Creating an instance
Open a cycle
Navigate to your program, select a cycle, and click Create Instance.
Configure instance details
Provide a name (e.g., “IT Access Controls Audit”), description, scope, objectives, and planned start/end dates.
Assign the team
Set a Lead Auditor and add team members who will be assigned to control tests.
Select controls
In the Controls tab, click Add Controls and select controls from the framework. Control tests are automatically created for each selected control.
Instance tabs
Each instance provides six management tabs: Controls (select and manage controls for testing), Control Tests (view test status, results, and assignments), Findings (document issues discovered during testing), Evidence (upload and manage supporting documents), Team (manage members, workload, workflows, and templates), and Activity (view the full audit trail of actions and status changes).
Instance statuses progress through Planning → Fieldwork → Review → Reporting → Completed.
Evidence collection
Evidence can be collected through manual upload (documents, screenshots, attestations), automated collection from integrated tools, and scheduled snapshots on a defined cadence. Each piece of evidence links to specific control tests and is preserved for audit reporting.
Findings management
Each finding includes a severity rating, root cause analysis, remediation owner, target date, and links to the control tests and risks involved. Findings automatically update the risk register and compliance status when resolved.
Reporting
SecureHive generates three types of audit reports from your instance data.
| Report type | Audience | Includes |
|---|---|---|
| Executive Summary | Leadership and stakeholders | Key metrics, findings summary, risk assessment, recommendations |
| Detailed Report | Audit teams | Complete control test results, evidence review, all findings, full audit trail |
| Compliance Report | Regulators and auditors | Control coverage analysis, gap analysis, remediation roadmap, certification readiness |
Generating a report
Navigate to your audit instance’s Reports tab, click Generate Report, select the type, and configure the title and included sections. Reports move through Draft → Approved → Published status. Download as PDF for distribution.
Workflow automation
Workflows automate the assignment process for control tests. Define sequential steps that auto-assign users, send notifications, and manage the executor → reviewer → approver flow.

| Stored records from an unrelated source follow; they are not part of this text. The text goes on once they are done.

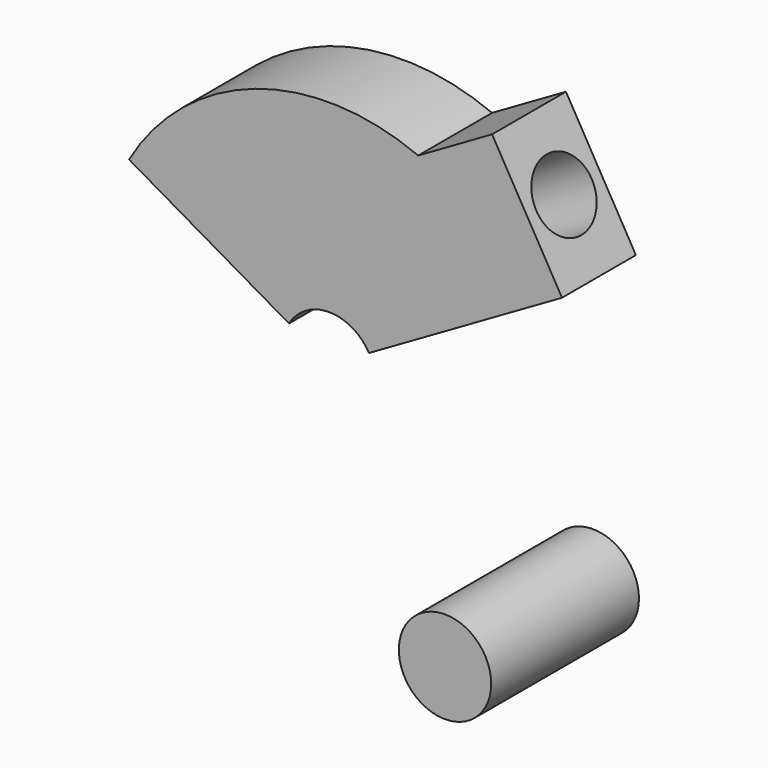
from build123d import *

# Parameters (mm, degrees)
F1_DEPTH = 12.7
F2_R     = 3.175
F3_DEPTH = 50.8
F2_R_2   = 9.525
F4_DEPTH = 25.4
F5_R     = 12.7
F6_DEPTH = 50.8


with BuildPart() as f1:
    # F0 (on Front) → F1 (new body, symmetric)
    with BuildSketch(Plane.XZ):
        with BuildLine():
            ThreePointArc((-10.9985226281, 6.35), (0, 12.7), (10.9985226281, 6.35))
            Line((10.9985226281, 6.35), (54.9926131403, 31.75))
            ThreePointArc((54.9926131403, 31.75), (41.960002336, 47.6613911249), (24.5253888692, 58.5726497677))
            ThreePointArc((24.5253888692, 58.5726497677), (-20.2959743259, 60.1691235283), (-54.9926131403, 31.75))
            Line((-54.9926131403, 31.75), (-10.9985226281, 6.35))
        make_face()
        with BuildLine():
            ThreePointArc((24.5253888692, 58.5726497677), (41.960002336, 47.6613911249), (54.9926131403, 31.75))
            Line((54.9926131403, 31.75), (64.087460216, 37.0009124074))
            Line((64.087460216, 37.0009124074), (44.8561061004, 70.310594834))
            Line((44.8561061004, 70.310594834), (24.5253888692, 58.5726497677))
        make_face()
    extrude(amount=F1_DEPTH, both=True)

    # F2 (on face) → F3 (cut)
    with BuildSketch(Plane(origin=(64.087460216, 0, 37.0009124074), x_dir=(0, 1, 0), z_dir=(0.8660254038, 0, 0.5))):
        with Locations((0, 19.2313541156)):
            Circle(F2_R)
    extrude(amount=-F3_DEPTH, mode=Mode.SUBTRACT)

    # F2 (on face) → F4 (cut)
    with BuildSketch(Plane(origin=(64.087460216, 0, 37.0009124074), x_dir=(0, 1, 0), z_dir=(0.8660254038, 0, 0.5))):
        with Locations((0, 19.2313541156)):
            Circle(F2_R_2)
        with Locations((0, 19.2313541156)):
            Circle(F2_R, mode=Mode.SUBTRACT)
    extrude(amount=-F4_DEPTH, mode=Mode.SUBTRACT)


with BuildPart() as f6:
    # F5 (on Front) → F6 (new body)
    with BuildSketch(Plane.XZ):
        with Locations((62.3870678246, -37.413392216)):
            Circle(F5_R)
    extrude(amount=F6_DEPTH)


solid = Compound([f1.part, f6.part])

A typical three-step workflow assigns an Executor (performs the test, auto-assigned based on workload), then a Reviewer (reviews work after executor completes), then an Approver (gives final sign-off). See Control Tests for details on roles and the testing workflow.
Workload management
SecureHive tracks each team member’s active assignments, capacity, completion rate, and average completion time. The auto-assignment engine uses this data to select the most available, highest-performing user.
Workload status indicators show capacity at a glance: Available (0–50% utilization), Busy (50–70%), Optimal (70–90%), and Overloaded (90–100%). Configure per-user limits under the workload dashboard — recommended ranges are 5–7 for junior auditors, 10–15 for senior, and 15–20 for leads.
Assignment templates
Templates standardize the assignment process by providing default roles, priorities, due dates, and auto-assignment rules for common scenarios. Create templates for different control types (IT, financial, high-risk) and the system selects the best match based on control type and risk level, falling back to a default template.
Templates support JSON-based auto-assignment rules that filter users by department, expertise, role, and workload utilization.
Best practices
Plan programs for 2–3 years to align with certification cycles. Use consistent naming conventions that include the year and framework. Set realistic timelines that account for testing, evidence collection, review, and reporting. Configure workflows and templates before creating control test assignments. Monitor the workload dashboard weekly to identify overloaded team members.